Ian Simmonds, Foto: FIS

https://www.xing.com/profile/Ian_SimmondsMit seinen Plänen zum Aufbau eines eigenen Bezahldienstleisters tritt Otto ein Stück weit in die Fußstapfen von Amazon, Alibaba und Co., sagt Ian Simmonds. Mit der angestrebten BaFin-Lizenz werden neue Services für die Partnerunternehmen möglich und damit auch eine starke Bindung an die eigene Plattform. Vor allem aus der Ratenzahlung könnten sich dabei Ertragspotenziale ergeben - wenngleich die Wechselbereitschaft der Kunden auf neue Bezahlverfahren nicht überschätzt werden darf. Der Zeitpunkt für das Engagement im Zahlungsverkehr ist jedenfalls günstig. Schließlich hat die Corona-Epidemie dem Online-Handel noch einmal zusätzlichen Auftrieb gegeben. Red.

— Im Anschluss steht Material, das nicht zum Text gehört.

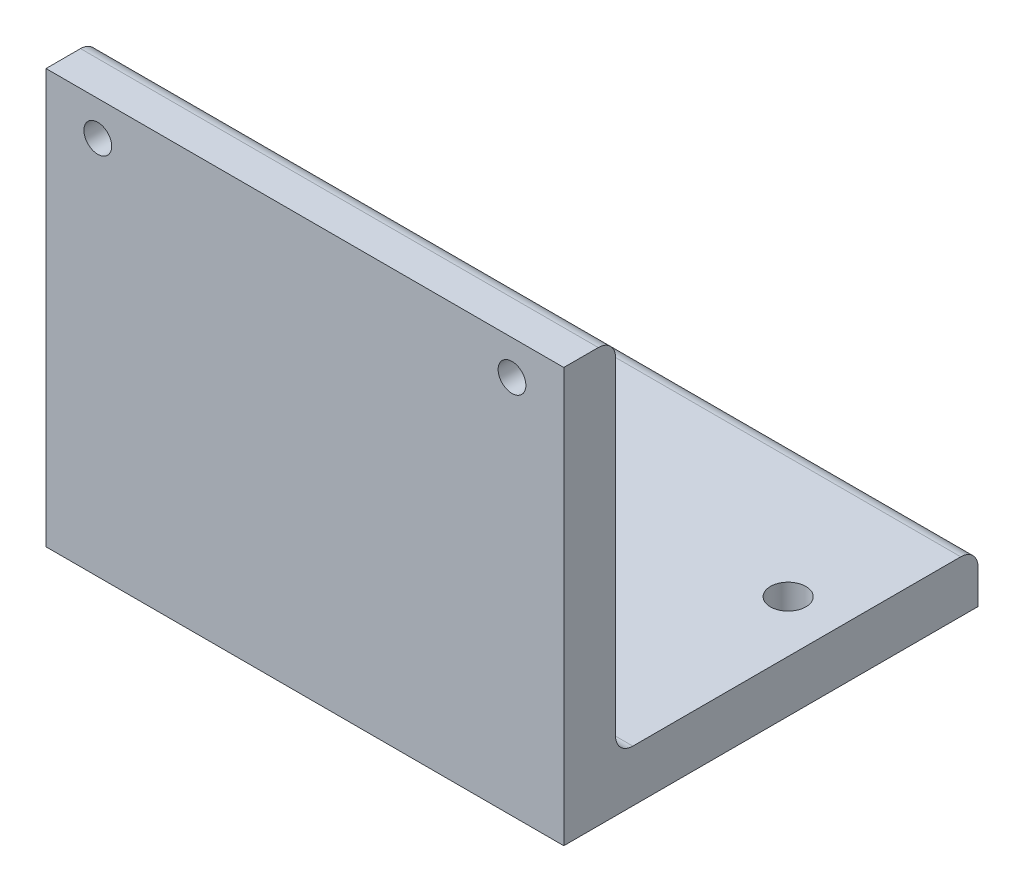
ISO-10303-21;
HEADER;
FILE_DESCRIPTION(('STEP AP214'),'2;1');
FILE_NAME('part.step','',(''),(''),'','','');
FILE_SCHEMA(('AUTOMOTIVE_DESIGN { 1 0 10303 214 1 1 1 1 }'));
ENDSEC;
DATA;
#1=APPLICATION_CONTEXT('core data for automotive mechanical design processes');
#2=APPLICATION_PROTOCOL_DEFINITION('international standard','automotive_design',2000,#1);
#3=PRODUCT_CONTEXT('',#1,'mechanical');
#4=PRODUCT('Part','Part','',(#3));
#5=PRODUCT_RELATED_PRODUCT_CATEGORY('part','',(#4));
#6=PRODUCT_DEFINITION_FORMATION('','',#4);
#7=PRODUCT_DEFINITION_CONTEXT('part definition',#1,'design');
#8=PRODUCT_DEFINITION('design','',#6,#7);
#9=PRODUCT_DEFINITION_SHAPE('','',#8);
#10=(LENGTH_UNIT() NAMED_UNIT(*) SI_UNIT(.MILLI.,.METRE.));
#11=(NAMED_UNIT(*) PLANE_ANGLE_UNIT() SI_UNIT($,.RADIAN.));
#12=(NAMED_UNIT(*) SI_UNIT($,.STERADIAN.) SOLID_ANGLE_UNIT());
#13=UNCERTAINTY_MEASURE_WITH_UNIT(LENGTH_MEASURE(1.E-05),#10,'distance_accuracy_value','');
#14=(GEOMETRIC_REPRESENTATION_CONTEXT(3) GLOBAL_UNCERTAINTY_ASSIGNED_CONTEXT((#13)) GLOBAL_UNIT_ASSIGNED_CONTEXT((#10,
#11,#12)) REPRESENTATION_CONTEXT('',''));
#15=CARTESIAN_POINT('',(0.,0.,0.));
#16=DIRECTION('',(0.,0.,1.));
#17=DIRECTION('',(1.,0.,0.));
#18=AXIS2_PLACEMENT_3D('',#15,#16,#17);
#19=CARTESIAN_POINT('',(47.625,9.52500000000001,-76.2));
#20=DIRECTION('',(0.,-1.,0.));
#21=DIRECTION('',(0.,0.,-1.));
#22=AXIS2_PLACEMENT_3D('',#19,#20,#21);
#23=PLANE('',#22);
#24=CARTESIAN_POINT('',(-38.1,9.525,-50.8));
#25=DIRECTION('',(0.,1.,0.));
#26=DIRECTION('',(0.,0.,1.));
#27=AXIS2_PLACEMENT_3D('',#24,#25,#26);
#28=CIRCLE('',#27,3.2639);
#29=CARTESIAN_POINT('',(-38.1,9.525,-47.5361));
#30=VERTEX_POINT('',#29);
#31=EDGE_CURVE('E271',#30,#30,#28,.T.);
#32=ORIENTED_EDGE('',*,*,#31,.F.);
#33=EDGE_LOOP('',(#32));
#34=FACE_BOUND('',#33,.T.);
#35=CARTESIAN_POINT('',(38.1,9.525,-50.8));
#36=DIRECTION('',(0.,1.,0.));
#37=DIRECTION('',(0.,0.,1.));
#38=AXIS2_PLACEMENT_3D('',#35,#36,#37);
#39=CIRCLE('',#38,3.2639);
#40=CARTESIAN_POINT('',(38.1,9.525,-47.5361));
#41=VERTEX_POINT('',#40);
#42=EDGE_CURVE('E265',#41,#41,#39,.T.);
#43=ORIENTED_EDGE('',*,*,#42,.F.);
#44=EDGE_LOOP('',(#43));
#45=FACE_BOUND('',#44,.T.);
#46=CARTESIAN_POINT('',(12.7,9.525,-25.4));
#47=DIRECTION('',(0.,1.,0.));
#48=DIRECTION('',(0.,0.,1.));
#49=AXIS2_PLACEMENT_3D('',#46,#47,#48);
#50=CIRCLE('',#49,3.2639);
#51=CARTESIAN_POINT('',(12.7,9.525,-22.1361));
#52=VERTEX_POINT('',#51);
#53=EDGE_CURVE('E250',#52,#52,#50,.T.);
#54=ORIENTED_EDGE('',*,*,#53,.F.);
#55=EDGE_LOOP('',(#54));
#56=FACE_BOUND('',#55,.T.);
#57=DIRECTION('',(0.,0.,1.));
#58=VECTOR('',#57,1.);
#59=CARTESIAN_POINT('',(-47.625,9.52500000000001,-76.2));
#60=LINE('',#59,#58);
#61=CARTESIAN_POINT('',(-47.625,9.52500000000001,-73.025));
#62=VERTEX_POINT('',#61);
#63=CARTESIAN_POINT('',(-47.625,9.525,-12.7));
#64=VERTEX_POINT('',#63);
#65=EDGE_CURVE('E187',#62,#64,#60,.T.);
#66=ORIENTED_EDGE('',*,*,#65,.T.);
#67=DIRECTION('',(-1.,0.,0.));
#68=VECTOR('',#67,1.);
#69=CARTESIAN_POINT('',(47.625,9.525,-12.7));
#70=LINE('',#69,#68);
#71=CARTESIAN_POINT('',(47.625,9.525,-12.7));
#72=VERTEX_POINT('',#71);
#73=EDGE_CURVE('E52',#64,#72,#70,.F.);
#74=ORIENTED_EDGE('',*,*,#73,.T.);
#75=DIRECTION('',(0.,0.,1.));
#76=VECTOR('',#75,1.);
#77=CARTESIAN_POINT('',(47.625,9.52500000000001,-76.2));
#78=LINE('',#77,#76);
#79=CARTESIAN_POINT('',(47.625,9.52500000000001,-73.025));
#80=VERTEX_POINT('',#79);
#81=EDGE_CURVE('E177',#80,#72,#78,.T.);
#82=ORIENTED_EDGE('',*,*,#81,.F.);
#83=DIRECTION('',(-1.,0.,0.));
#84=VECTOR('',#83,1.);
#85=CARTESIAN_POINT('',(47.625,9.52500000000001,-73.025));
#86=LINE('',#85,#84);
#87=EDGE_CURVE('E152',#80,#62,#86,.T.);
#88=ORIENTED_EDGE('',*,*,#87,.T.);
#89=EDGE_LOOP('',(#66,#74,#82,#88));
#90=FACE_BOUND('',#89,.T.);
#91=CARTESIAN_POINT('',(-12.7,9.525,-25.4));
#92=DIRECTION('',(0.,1.,0.));
#93=DIRECTION('',(0.,0.,1.));
#94=AXIS2_PLACEMENT_3D('',#91,#92,#93);
#95=CIRCLE('',#94,3.2639);
#96=CARTESIAN_POINT('',(-12.7,9.525,-22.1361));
#97=VERTEX_POINT('',#96);
#98=EDGE_CURVE('E259',#97,#97,#95,.T.);
#99=ORIENTED_EDGE('',*,*,#98,.F.);
#100=EDGE_LOOP('',(#99));
#101=FACE_BOUND('',#100,.T.);
#102=ADVANCED_FACE('F35',(#34,#45,#56,#90,#101),#23,.F.);
#103=CARTESIAN_POINT('',(47.625,76.2,-9.525));
#104=DIRECTION('',(0.,-1.,0.));
#105=DIRECTION('',(0.,0.,-1.));
#106=AXIS2_PLACEMENT_3D('',#103,#104,#105);
#107=PLANE('',#106);
#108=DIRECTION('',(0.,0.,1.));
#109=VECTOR('',#108,1.);
#110=CARTESIAN_POINT('',(47.625,76.2,-9.525));
#111=LINE('',#110,#109);
#112=CARTESIAN_POINT('',(47.625,76.2,-6.35));
#113=VERTEX_POINT('',#112);
#114=CARTESIAN_POINT('',(47.625,76.2,0.));
#115=VERTEX_POINT('',#114);
#116=EDGE_CURVE('E107',#113,#115,#111,.T.);
#117=ORIENTED_EDGE('',*,*,#116,.F.);
#118=DIRECTION('',(-1.,0.,0.));
#119=VECTOR('',#118,1.);
#120=CARTESIAN_POINT('',(47.625,76.2,-6.35));
#121=LINE('',#120,#119);
#122=CARTESIAN_POINT('',(-47.625,76.2,-6.35));
#123=VERTEX_POINT('',#122);
#124=EDGE_CURVE('E134',#113,#123,#121,.T.);
#125=ORIENTED_EDGE('',*,*,#124,.T.);
#126=DIRECTION('',(0.,0.,1.));
#127=VECTOR('',#126,1.);
#128=CARTESIAN_POINT('',(-47.625,76.2,-9.525));
#129=LINE('',#128,#127);
#130=CARTESIAN_POINT('',(-47.625,76.2,0.));
#131=VERTEX_POINT('',#130);
#132=EDGE_CURVE('E132',#123,#131,#129,.T.);
#133=ORIENTED_EDGE('',*,*,#132,.T.);
#134=DIRECTION('',(-1.,0.,0.));
#135=VECTOR('',#134,1.);
#136=CARTESIAN_POINT('',(47.625,76.2,0.));
#137=LINE('',#136,#135);
#138=EDGE_CURVE('E124',#115,#131,#137,.T.);
#139=ORIENTED_EDGE('',*,*,#138,.F.);
#140=EDGE_LOOP('',(#117,#125,#133,#139));
#141=FACE_BOUND('',#140,.T.);
#142=ADVANCED_FACE('F130',(#141),#107,.F.);
#143=CARTESIAN_POINT('',(47.625,76.2,0.));
#144=DIRECTION('',(0.,0.,-1.));
#145=DIRECTION('',(0.,1.,0.));
#146=AXIS2_PLACEMENT_3D('',#143,#144,#145);
#147=PLANE('',#146);
#148=CARTESIAN_POINT('',(-38.1,69.85,0.));
#149=DIRECTION('',(0.,0.,1.));
#150=DIRECTION('',(1.,0.,0.));
#151=AXIS2_PLACEMENT_3D('',#148,#149,#150);
#152=CIRCLE('',#151,2.5527);
#153=CARTESIAN_POINT('',(-35.5473,69.85,0.));
#154=VERTEX_POINT('',#153);
#155=EDGE_CURVE('E170',#154,#154,#152,.T.);
#156=ORIENTED_EDGE('',*,*,#155,.F.);
#157=EDGE_LOOP('',(#156));
#158=FACE_BOUND('',#157,.T.);
#159=CARTESIAN_POINT('',(38.1,69.85,0.));
#160=DIRECTION('',(0.,0.,1.));
#161=DIRECTION('',(1.,0.,0.));
#162=AXIS2_PLACEMENT_3D('',#159,#160,#161);
#163=CIRCLE('',#162,2.5527);
#164=CARTESIAN_POINT('',(40.6527,69.85,0.));
#165=VERTEX_POINT('',#164);
#166=EDGE_CURVE('E160',#165,#165,#163,.T.);
#167=ORIENTED_EDGE('',*,*,#166,.F.);
#168=EDGE_LOOP('',(#167));
#169=FACE_BOUND('',#168,.T.);
#170=DIRECTION('',(0.,-1.,0.));
#171=VECTOR('',#170,1.);
#172=CARTESIAN_POINT('',(-47.625,76.2,0.));
#173=LINE('',#172,#171);
#174=CARTESIAN_POINT('',(-47.625,0.,0.));
#175=VERTEX_POINT('',#174);
#176=EDGE_CURVE('E163',#131,#175,#173,.T.);
#177=ORIENTED_EDGE('',*,*,#176,.T.);
#178=DIRECTION('',(-1.,0.,0.));
#179=VECTOR('',#178,1.);
#180=CARTESIAN_POINT('',(47.625,0.,0.));
#181=LINE('',#180,#179);
#182=CARTESIAN_POINT('',(47.625,0.,0.));
#183=VERTEX_POINT('',#182);
#184=EDGE_CURVE('E126',#183,#175,#181,.T.);
#185=ORIENTED_EDGE('',*,*,#184,.F.);
#186=DIRECTION('',(0.,-1.,0.));
#187=VECTOR('',#186,1.);
#188=CARTESIAN_POINT('',(47.625,76.2,0.));
#189=LINE('',#188,#187);
#190=EDGE_CURVE('E111',#115,#183,#189,.T.);
#191=ORIENTED_EDGE('',*,*,#190,.F.);
#192=ORIENTED_EDGE('',*,*,#138,.T.);
#193=EDGE_LOOP('',(#177,#185,#191,#192));
#194=FACE_BOUND('',#193,.T.);
#195=ADVANCED_FACE('F123',(#158,#169,#194),#147,.F.);
#196=CARTESIAN_POINT('',(47.625,0.,0.));
#197=DIRECTION('',(0.,1.,0.));
#198=DIRECTION('',(0.,0.,1.));
#199=AXIS2_PLACEMENT_3D('',#196,#197,#198);
#200=PLANE('',#199);
#201=CARTESIAN_POINT('',(-38.1,0.,-50.8));
#202=DIRECTION('',(0.,1.,0.));
#203=DIRECTION('',(0.,0.,1.));
#204=AXIS2_PLACEMENT_3D('',#201,#202,#203);
#205=CIRCLE('',#204,3.2639);
#206=CARTESIAN_POINT('',(-38.1,0.,-47.5361));
#207=VERTEX_POINT('',#206);
#208=EDGE_CURVE('E268',#207,#207,#205,.T.);
#209=ORIENTED_EDGE('',*,*,#208,.T.);
#210=EDGE_LOOP('',(#209));
#211=FACE_BOUND('',#210,.T.);
#212=CARTESIAN_POINT('',(38.1,0.,-50.8));
#213=DIRECTION('',(0.,1.,0.));
#214=DIRECTION('',(0.,0.,1.));
#215=AXIS2_PLACEMENT_3D('',#212,#213,#214);
#216=CIRCLE('',#215,3.2639);
#217=CARTESIAN_POINT('',(38.1,0.,-47.5361));
#218=VERTEX_POINT('',#217);
#219=EDGE_CURVE('E262',#218,#218,#216,.T.);
#220=ORIENTED_EDGE('',*,*,#219,.T.);
#221=EDGE_LOOP('',(#220));
#222=FACE_BOUND('',#221,.T.);
#223=CARTESIAN_POINT('',(-12.7,0.,-25.4));
#224=DIRECTION('',(0.,1.,0.));
#225=DIRECTION('',(0.,0.,1.));
#226=AXIS2_PLACEMENT_3D('',#223,#224,#225);
#227=CIRCLE('',#226,3.2639);
#228=CARTESIAN_POINT('',(-12.7,0.,-22.1361));
#229=VERTEX_POINT('',#228);
#230=EDGE_CURVE('E254',#229,#229,#227,.T.);
#231=ORIENTED_EDGE('',*,*,#230,.T.);
#232=EDGE_LOOP('',(#231));
#233=FACE_BOUND('',#232,.T.);
#234=CARTESIAN_POINT('',(12.7,0.,-25.4));
#235=DIRECTION('',(0.,1.,0.));
#236=DIRECTION('',(0.,0.,1.));
#237=AXIS2_PLACEMENT_3D('',#234,#235,#236);
#238=CIRCLE('',#237,3.2639);
#239=CARTESIAN_POINT('',(12.7,0.,-22.1361));
#240=VERTEX_POINT('',#239);
#241=EDGE_CURVE('E248',#240,#240,#238,.T.);
#242=ORIENTED_EDGE('',*,*,#241,.T.);
#243=EDGE_LOOP('',(#242));
#244=FACE_BOUND('',#243,.T.);
#245=DIRECTION('',(0.,0.,-1.));
#246=VECTOR('',#245,1.);
#247=CARTESIAN_POINT('',(-47.625,0.,0.));
#248=LINE('',#247,#246);
#249=CARTESIAN_POINT('',(-47.625,0.,-76.2));
#250=VERTEX_POINT('',#249);
#251=EDGE_CURVE('E182',#175,#250,#248,.T.);
#252=ORIENTED_EDGE('',*,*,#251,.T.);
#253=DIRECTION('',(-1.,0.,0.));
#254=VECTOR('',#253,1.);
#255=CARTESIAN_POINT('',(47.625,0.,-76.2));
#256=LINE('',#255,#254);
#257=CARTESIAN_POINT('',(47.625,0.,-76.2));
#258=VERTEX_POINT('',#257);
#259=EDGE_CURVE('E138',#258,#250,#256,.T.);
#260=ORIENTED_EDGE('',*,*,#259,.F.);
#261=DIRECTION('',(0.,0.,-1.));
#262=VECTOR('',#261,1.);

Die Ankündigung des Hamburger Unternehmens Otto, einen eigenen Bezahldienst entwickeln zu wollen, sorgte jüngst für Schlagzeilen. Mit der eigenen Zahlungsabwicklung können in Zukunft Zahlungsfunktionen auf dem eigenen Marktplatz direkt abgewickelt werden. Das Projekt könnte mittelfristig ein entscheidender Baustein hin zu einer zentralen Rolle im digitalen Handelsökosystem darstellen.

Das Traditionsunternehmen von der Elbe hat sich in den letzten Jahren vom klassischen Versandhändler aus den Zeiten des Wirtschaftswunders zu einem erfolgreichen E-Commerce-Markt platz gewandelt. Auf diesem können auch Dritte Waren anbieten und vertreiben. Otto selber stellt dazu die digitale Infrastruktur bereit - und ist dabei sehr erfolgreich. Hinter dem globalen Primus Amazon liegt das Unternehmen in Deutschland mit rund 3,36 Milliarden Euro Umsatz auf dem zweiten Platz der E-Commerce-Größen.

FIS erwartet für den E-Commerce- Markt in Deutschland bis zum Jahr 2023 jährliche Wachstumsraten von 8 Prozent. Mit den Zahlungsverkehrs- Ambitionen wird man nun teilweise in die Fußstapfen von Amazon, Alibaba und Co. treten.

Digitales Bezahlen: Der Megatrend bleibt intakt

Ottos Pläne sehen eigenen Angaben zufolge bereits vor, im Sommer 2021 den hauseigenen Zahlungsdienstleister als eigene Gesellschaft auszugliedern. Auf dem Weg dahin ist allerdings noch die Erlaubnis der Bundesanstalt für Finanzdienstleistungsaufsicht (BaFin) erforderlich, da Otto in Zukunft auch fremdes Geld verwalten wird. Infolgedessen wird das Frühjahr 2022 anvisiert, bis das Unternehmen die gesamte Zahlungsabwicklung als Service anbieten kann.

Mit den Payments-Plänen trifft man aktuell auf ein vielversprechendes Marktumfeld. Aufgrund der langen Lockdown-Situation im Land haben sowohl Online-Shopping als auch das digitale Bezahlen im Internet breiteren Zuspruch erhalten. Gerade Kunden aus Zielgruppen, die bis dato eher im Geschäft mit Bargeld eingekauft haben, waren geradezu gezwungen, sich an die neuen Gegebenheiten anzupassen. Im Zuge dessen haben viele Menschen zum ersten Mal eigene Erfahrungen mit dem digitalen Bezahlen gesammelt und ihre Scheu davor abgelegt. Es ist eindeutig, dass die Akzeptanz der neuen Verfahren gewachsen ist - und wohl auch noch weiterhin wachsen wird.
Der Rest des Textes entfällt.